32 move basic wushu staff. Who knew? 

Does anyone else have this one in their SKK curriculum? I'm actually relieved to find out we stole ... I mean incorporated... a real form. 

I've always enjoyed this one, now I will with less guilt. The only residual guilt is that I never bothered to ask anyone from outside the system about the origin, as pretty much any intermediate wushu student could have apparently set me straight.


----------



## Flying Crane (Dec 28, 2008)

I reviewed the video link, and it is not a staff form that I am familiar with.

However, it appears to me to be a TRADITIONAL wushu staff form, not a contemporary wushu staff form.  This is good news.

Traditional wushu is the fighting arts and methods of China.

Modern wushu is a Government-created National Sport and Performance art developed in the 1950s.  It is based on Traditional Wushu, but it has been modified to emphasize the aesthetic qualities and crowd-pleasing performance techniques.  It is no longer a legitimate fighting art.

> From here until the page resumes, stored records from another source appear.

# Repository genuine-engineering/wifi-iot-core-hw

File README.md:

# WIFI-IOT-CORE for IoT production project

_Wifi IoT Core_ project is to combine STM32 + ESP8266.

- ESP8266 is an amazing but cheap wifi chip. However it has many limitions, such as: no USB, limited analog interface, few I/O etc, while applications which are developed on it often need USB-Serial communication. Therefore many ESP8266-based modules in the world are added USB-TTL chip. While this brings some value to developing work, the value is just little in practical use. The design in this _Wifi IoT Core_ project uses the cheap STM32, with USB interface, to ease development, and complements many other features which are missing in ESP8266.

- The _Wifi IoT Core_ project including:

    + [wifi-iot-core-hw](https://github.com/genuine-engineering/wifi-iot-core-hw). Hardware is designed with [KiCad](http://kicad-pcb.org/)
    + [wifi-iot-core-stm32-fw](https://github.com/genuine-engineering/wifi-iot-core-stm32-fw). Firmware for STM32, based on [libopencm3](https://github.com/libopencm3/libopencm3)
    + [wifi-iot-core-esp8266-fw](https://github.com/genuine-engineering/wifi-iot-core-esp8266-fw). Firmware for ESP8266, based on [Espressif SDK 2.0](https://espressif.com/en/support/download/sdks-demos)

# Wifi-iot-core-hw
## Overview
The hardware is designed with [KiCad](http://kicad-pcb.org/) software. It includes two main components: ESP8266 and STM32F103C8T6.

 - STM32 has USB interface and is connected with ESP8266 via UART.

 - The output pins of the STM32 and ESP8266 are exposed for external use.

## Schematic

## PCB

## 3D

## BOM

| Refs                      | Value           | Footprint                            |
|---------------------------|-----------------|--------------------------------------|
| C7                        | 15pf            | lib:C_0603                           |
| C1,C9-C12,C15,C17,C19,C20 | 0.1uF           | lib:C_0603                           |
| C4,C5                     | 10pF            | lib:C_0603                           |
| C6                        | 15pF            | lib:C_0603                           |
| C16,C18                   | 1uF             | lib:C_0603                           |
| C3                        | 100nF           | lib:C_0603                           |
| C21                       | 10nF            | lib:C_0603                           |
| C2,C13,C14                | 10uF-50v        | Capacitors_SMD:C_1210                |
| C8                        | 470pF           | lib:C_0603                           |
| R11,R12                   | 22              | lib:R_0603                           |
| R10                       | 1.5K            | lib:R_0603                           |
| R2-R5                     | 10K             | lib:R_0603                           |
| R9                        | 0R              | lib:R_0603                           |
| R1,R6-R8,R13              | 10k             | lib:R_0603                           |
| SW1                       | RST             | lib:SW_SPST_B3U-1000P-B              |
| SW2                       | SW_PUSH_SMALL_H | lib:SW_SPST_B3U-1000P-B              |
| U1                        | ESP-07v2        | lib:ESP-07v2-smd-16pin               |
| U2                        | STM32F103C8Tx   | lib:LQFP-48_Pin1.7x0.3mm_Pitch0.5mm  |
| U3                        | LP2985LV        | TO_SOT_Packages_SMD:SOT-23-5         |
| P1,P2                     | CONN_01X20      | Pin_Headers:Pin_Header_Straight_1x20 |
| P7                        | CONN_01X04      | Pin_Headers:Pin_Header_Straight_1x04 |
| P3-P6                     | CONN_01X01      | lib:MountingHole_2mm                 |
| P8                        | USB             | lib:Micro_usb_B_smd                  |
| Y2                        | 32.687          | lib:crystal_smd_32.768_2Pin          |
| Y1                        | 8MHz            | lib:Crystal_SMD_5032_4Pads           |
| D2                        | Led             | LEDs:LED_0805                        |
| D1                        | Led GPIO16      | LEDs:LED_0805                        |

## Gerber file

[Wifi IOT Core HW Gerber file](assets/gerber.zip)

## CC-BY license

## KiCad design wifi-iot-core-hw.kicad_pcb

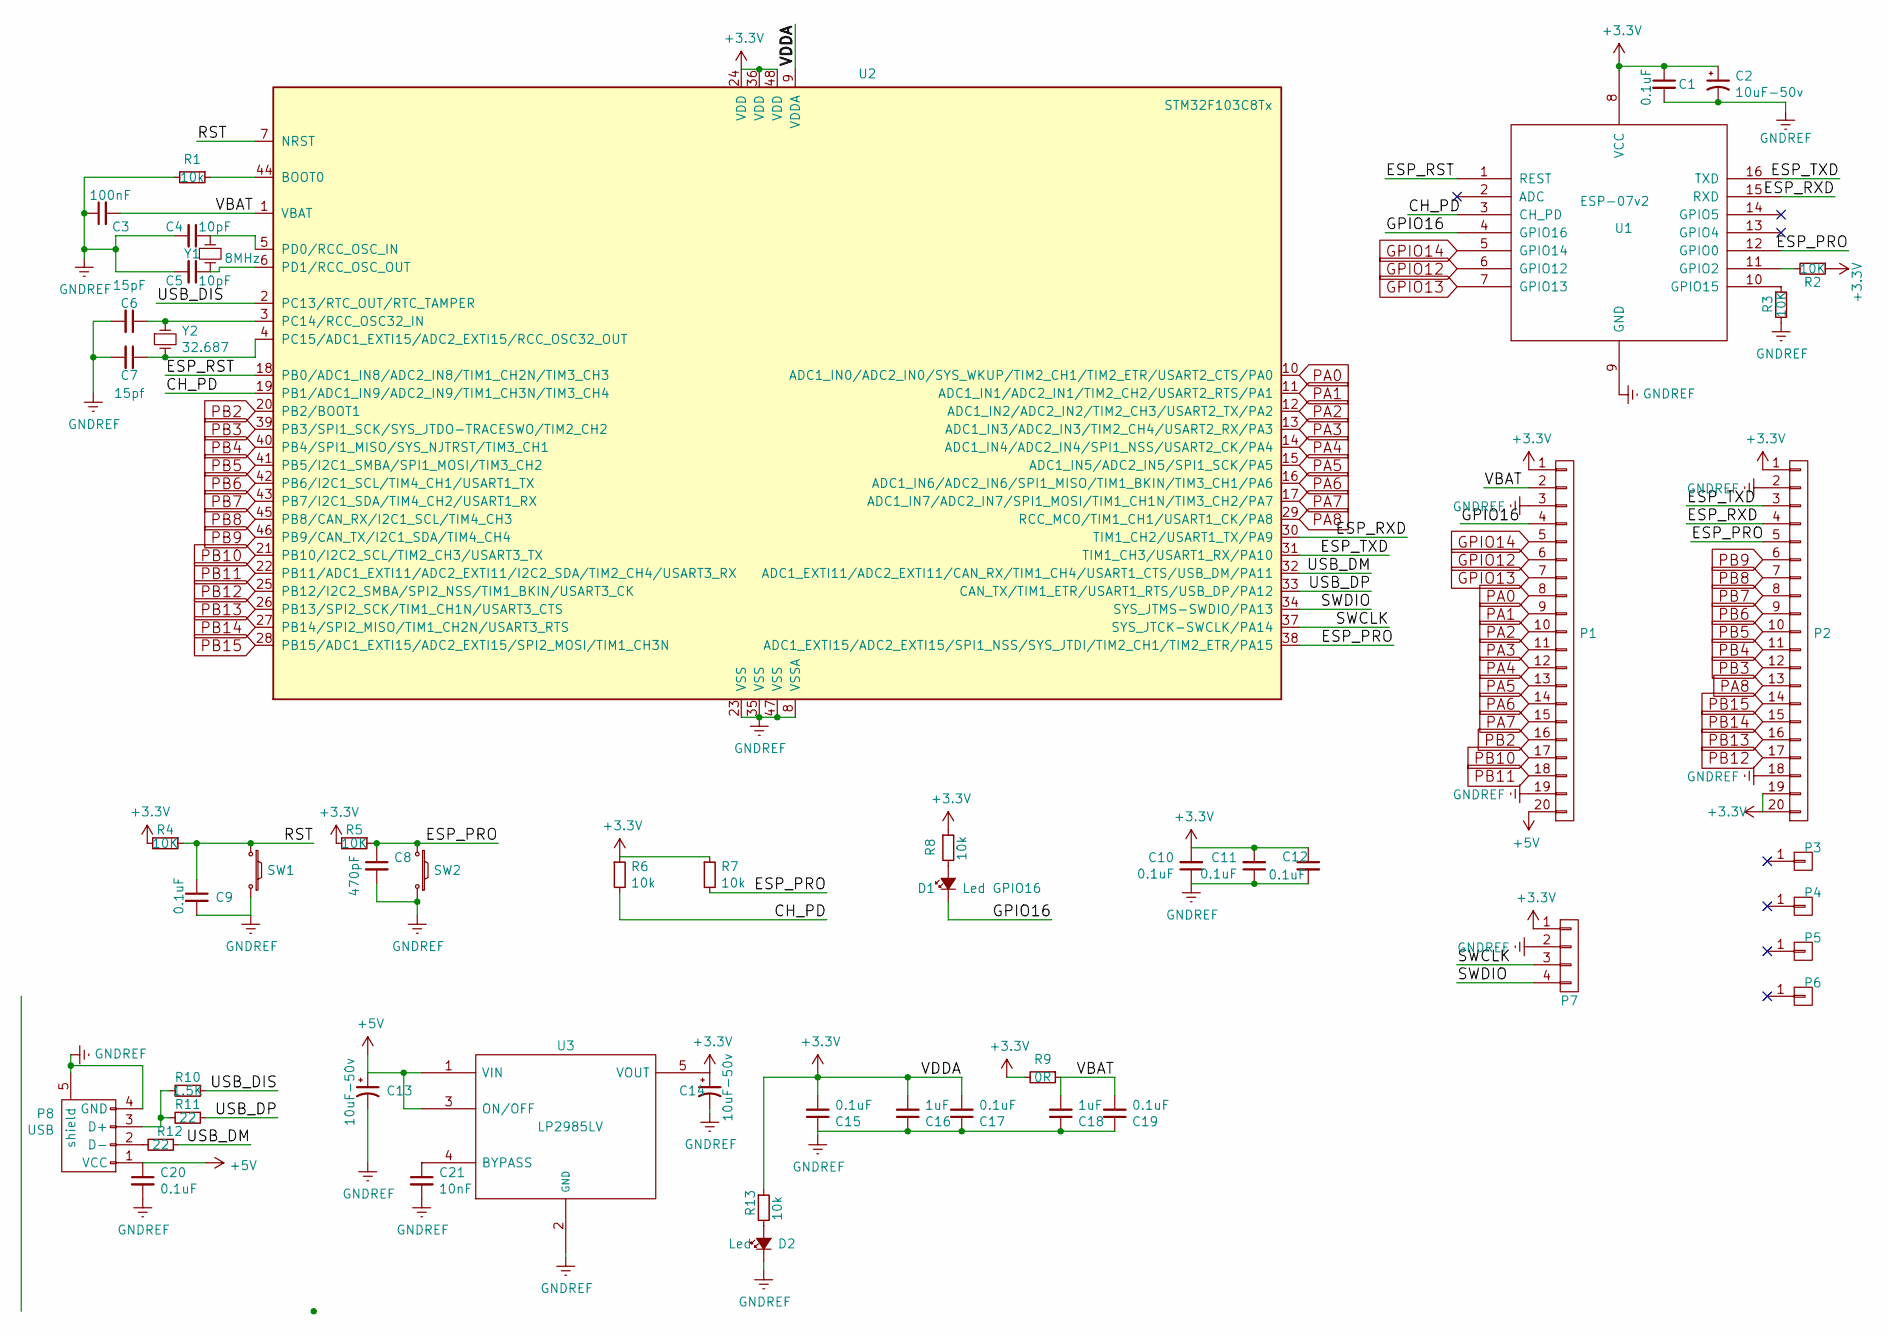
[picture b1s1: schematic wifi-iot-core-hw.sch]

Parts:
C1, C9, C10, C11, C12, C15, C17, C19, C20: 0.1uF; C_0603
C2, C13, C14: 10uF-50v; C_1210
C3: 100nF; C_0603
C4, C5: 10pF; C_0603
C6: 15pF; C_0603
C7: 15pf; C_0603
C8: 470pF; C_0603
C16, C18: 1uF; C_0603
C21: 10nF; C_0603
D1: Led GPIO16; LED_0805
D2: Led; LED_0805
P1, P2: CONN_01X20; Pin_Header_Straight_1x20
P3, P4, P5, P6: CONN_01X01; MountingHole_2mm
P7: CONN_01X04; Pin_Header_Straight_1x04
P8: USB; Micro_usb_B_smd
R1, R6, R7, R8, R13: 10k; R_0603
R2, R3, R4, R5: 10K; R_0603
R9: 0R; R_0603
R10: 1.5K; R_0603
R11, R12: 22; R_0603
SW1: RST; SW_SPST_B3U-1000P-B
SW2: SW_PUSH_SMALL_H; SW_SPST_B3U-1000P-B
U1: ESP-07v2; ESP-07v2-smd-16pin
U2: STM32F103C8Tx; LQFP-48_Pin1.7x0.3mm_Pitch0.5mm
U3: LP2985LV; SOT-23-5
Y1: 8MHz; Crystal_SMD_5032_4Pads
Y2: 32.687; crystal_smd_32.768_2Pin

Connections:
+3V3: C1.1, C2.1, C10.2, C11.2, C12.1, C14.1, C15.2, C16.2, C17.2, P1.1, P2.1, P2.19, P2.20, P7.1, R2.1, R4.2, R5.2, R6.1, R7.1, R8.1, R9.2, R13.1, U1.8 (VCC), U2.9 (VDDA), U2.24 (VDD), U2.36 (VDD), U2.48 (VDD), U3.5 (VOUT)
+5V: C13.1, C20.1, P1.20, P8.1 (VCC), U3.1 (VIN), U3.3 (ON/OFF)
/CH_PD: R6.2, U1.3 (CH_PD), U2.19 (PB1/ADC1_IN9/ADC2_IN9/TIM1_CH3N/TIM3_CH4)
/ESP_PRO: C8.1, P2.5, R5.1, R7.2, SW2.1, U1.12 (GPIO0), U2.38 (ADC1_EXTI15/ADC2_EXTI15/SPI1_NSS/SYS_JT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)
/ESP_RST: U1.1 (REST), U2.18 (PB0/ADC1_IN8/ADC2_IN8/TIM1_CH2N/TIM3_CH3)
/ESP_RXD: P2.4, U1.15 (RXD), U2.30 (TIM1_CH2/USART1_TX/PA9)
/ESP_TXD: P2.3, U1.16 (TXD), U2.31 (TIM1_CH3/USART1_RX/PA10)
/GPIO16: D1.1 (K), P1.4, U1.4 (GPIO16)
/RST: C9.1, R4.1, SW1.1, U2.7 (NRST)
/SWCLK: P7.3, U2.37 (SYS_JTCK-SWCLK/PA14)
/SWDIO: P7.4, U2.34 (SYS_JTMS-SWDIO/PA13)
/USB_DIS: R10.1, U2.2 (PC13/RTC_OUT/RTC_TAMPER)
/USB_DM: R12.1, U2.32 (ADC1_EXTI11/ADC2_EXTI11/CAN_RX/TIM1_CH4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)
/USB_DP: R11.1, U2.33 (CAN_TX/TIM1_ETR/USART1_RTS/USB_DP/PA12)
/VBAT: C3.2, C18.2, C19.2, P1.2, R9.1, U2.1 (VBAT)
GNDREF: C1.2, C2.2, C3.1, C4.2, C5.2, C6.2, C7.2, C8.2, C9.2, C10.1, C11.1, C12.2, C13.2, C14.2, C15.1, C16.1, C17.1, C18.1, C19.1, C20.2, C21.2, D2.1 (K), P1.3, P1.19, P2.2, P2.18, P7.2, P8.4 (GND), P8.5 (shield), R1.2, R3.2, SW1.2, SW2.2, U1.9 (GND), U2.8 (VSSA), U2.23 (VSS), U2.35 (VSS), U2.47 (VSS), U3.2 (GND)
GPIO12: P1.6, U1.6 (GPIO12)
GPIO13: P1.7, U1.7 (GPIO13)
GPIO14: P1.5, U1.5 (GPIO14)
unnamed: C4.1, U2.5 (PD0/RCC_OSC_IN), Y1.1
unnamed: C5.1, U2.6 (PD1/RCC_OSC_OUT), Y1.2
unnamed: C6.1, U2.3 (PC14/RCC_OSC32_IN), Y2.1
unnamed: C7.1, U2.4 (PC15/ADC1_EXTI15/ADC2_EXTI15/RCC_OSC32_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), Y2.2
unnamed: C21.1, U3.4 (BYPASS)
unnamed: D1.2 (A), R8.2
unnamed: D2.2 (A), R13.2
unnamed: P8.2 (D-), R12.2
unnamed: P8.3 (D+), R10.2, R11.2
unnamed: R1.1, U2.44 (BOOT0)
unnamed: R2.2, U1.11 (GPIO2)
unnamed: R3.1, U1.10 (GPIO15)
PA0: P1.8, U2.10 (ADC1_IN0/ADC2_IN0/SYS_WKUP/TIM2_CH1/TIM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)
PA1: P1.9, U2.11 (ADC1_IN1/ADC2_IN1/TIM2_CH2/USART2_RTS/P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)
PA2: P1.10, U2.12 (ADC1_IN2/ADC2_IN2/TIM2_CH3/USART2_TX/PA2)
PA3: P1.11, U2.13 (ADC1_IN3/ADC2_IN3/TIM2_CH4/USART2_RX/PA3)
PA4: P1.12, U2.14 (ADC1_IN4/ADC2_IN4/SPI1_NSS/USART2_CK/PA4)
PA5: P1.13, U2.15 (ADC1_IN5/ADC2_IN5/SPI1_SCK/PA5)
PA6: P1.14, U2.16 (ADC1_IN6/ADC2_IN6/SPI1_MISO/TIM1_BKIN/T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)
PA7: P1.15, U2.17 (ADC1_IN7/ADC2_IN7/SPI1_MOSI/TIM1_CH1N/T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)
PA8: P2.13, U2.29 (RCC_MCO/TIM1_CH1/USART1_CK/PA8)
PB2: P1.16, U2.20 (PB2/BOOT1)
PB3: P2.12, U2.39 (PB3/SPI1_SCK/SYS_JTDO-TRACESWO/TIM2_CH2)
PB4: P2.11, U2.40 (PB4/SPI1_MISO/SYS_NJTRST/TIM3_CH1)
PB5: P2.10, U2.41 (PB5/I2C1_SMBA/SPI1_MOSI/TIM3_CH2)
PB6: P2.9, U2.42 (PB6/I2C1_SCL/TIM4_CH1/USART1_TX)
PB7: P2.8, U2.43 (PB7/I2C1_SDA/TIM4_CH2/USART1_RX)
PB8: P2.7, U2.45 (PB8/CAN_RX/I2C1_SCL/TIM4_CH3)
PB9: P2.6, U2.46 (PB9/CAN_TX/I2C1_SDA/TIM4_CH4)
PB10: P1.17, U2.21 (PB10/I2C2_SCL/TIM2_CH3/USART3_TX)
PB11: P1.18, U2.22 (PB11/ADC1_EXTI11/ADC2_EXTI11/I2C2_SDA/T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)
PB12: P2.17, U2.25 (PB12/I2C2_SMBA/SPI2_NSS/TIM1_BKIN/USART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)
PB13: P2.16, U2.26 (PB13/SPI2_SCK/TIM1_CH1N/USART3_CTS)
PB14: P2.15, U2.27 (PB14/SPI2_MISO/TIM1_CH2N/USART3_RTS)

In spite of the fancy silk uniform the guy in the video is wearing, the form itself does appear to me to be traditional.  If it was Modern, it would have a lot of fancy flipping and aerial cartwheels and high leaps and stuff, which make it interesting to watch, but not legitimate fighting method.

I think this form is probably a good one to practice.  If it has been properly adopted by your system and the practice of it is solid, then keep it.  It's worth having.


----------



## Matt (Dec 28, 2008)

Flying Crane said:


> Modern wushu is a Government-created National Sport and Performance art developed in the 1950s.  It is based on Traditional Wushu, but it has been modified to emphasize the aesthetic qualities and crowd-pleasing performance techniques.  It is no longer a legitimate fighting art.
> 
> In spite of the fancy silk uniform the guy in the video is wearing, the form itself does appear to me to be traditional.  If it was Modern, it would have a lot of fancy flipping and aerial cartwheels and high leaps and stuff, which make it interesting to watch, but not legitimate fighting method.
> 
> I think this form is probably a good one to practice.  If it has been properly adopted by your system and the practice of it is solid, then keep it.  It's worth having.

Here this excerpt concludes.